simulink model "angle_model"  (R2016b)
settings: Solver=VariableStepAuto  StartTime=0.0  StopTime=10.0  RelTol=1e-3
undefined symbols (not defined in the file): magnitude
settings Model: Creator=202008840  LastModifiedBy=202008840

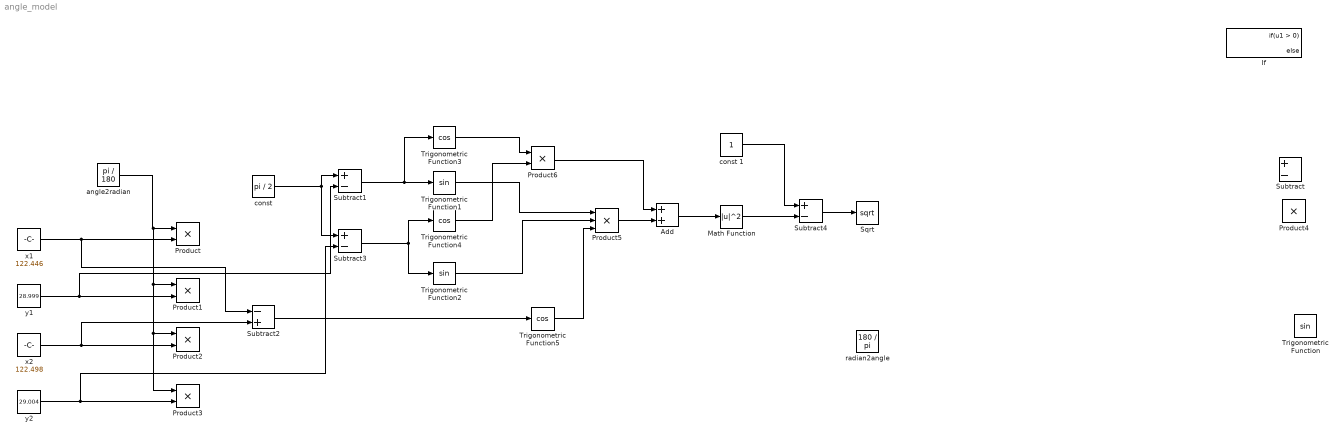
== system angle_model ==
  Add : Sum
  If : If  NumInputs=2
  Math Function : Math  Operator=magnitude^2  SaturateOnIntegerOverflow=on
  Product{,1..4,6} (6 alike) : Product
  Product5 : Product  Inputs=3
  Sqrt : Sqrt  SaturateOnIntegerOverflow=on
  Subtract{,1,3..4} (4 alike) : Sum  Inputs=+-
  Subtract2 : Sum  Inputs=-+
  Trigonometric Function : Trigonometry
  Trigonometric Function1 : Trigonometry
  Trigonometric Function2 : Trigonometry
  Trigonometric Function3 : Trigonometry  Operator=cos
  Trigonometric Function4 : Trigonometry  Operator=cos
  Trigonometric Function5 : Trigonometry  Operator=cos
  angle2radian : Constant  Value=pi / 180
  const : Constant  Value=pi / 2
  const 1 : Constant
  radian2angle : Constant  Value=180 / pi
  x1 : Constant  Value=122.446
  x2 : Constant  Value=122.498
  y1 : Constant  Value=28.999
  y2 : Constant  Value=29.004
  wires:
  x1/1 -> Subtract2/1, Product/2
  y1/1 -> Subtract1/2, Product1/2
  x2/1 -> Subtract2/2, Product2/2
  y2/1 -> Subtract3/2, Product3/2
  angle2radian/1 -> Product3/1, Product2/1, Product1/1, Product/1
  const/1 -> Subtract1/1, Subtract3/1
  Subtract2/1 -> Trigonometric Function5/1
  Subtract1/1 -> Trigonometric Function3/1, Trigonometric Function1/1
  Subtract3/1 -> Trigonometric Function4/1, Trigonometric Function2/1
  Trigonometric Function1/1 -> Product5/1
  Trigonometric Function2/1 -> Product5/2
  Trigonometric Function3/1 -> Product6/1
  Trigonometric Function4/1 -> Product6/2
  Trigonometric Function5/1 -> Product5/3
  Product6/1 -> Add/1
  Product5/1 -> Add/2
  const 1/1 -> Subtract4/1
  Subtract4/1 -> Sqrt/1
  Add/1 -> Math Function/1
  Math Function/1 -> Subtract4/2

:::::

What this task involves
Using the listing above, pull out all lines that hold the word "Operator".

Output
  Math Function : Math  Operator=magnitude^2  SaturateOnIntegerOverflow=on
  Trigonometric Function3 : Trigonometry  Operator=cos
  Trigonometric Function4 : Trigonometry  Operator=cos
  Trigonometric Function5 : Trigonometry  Operator=cos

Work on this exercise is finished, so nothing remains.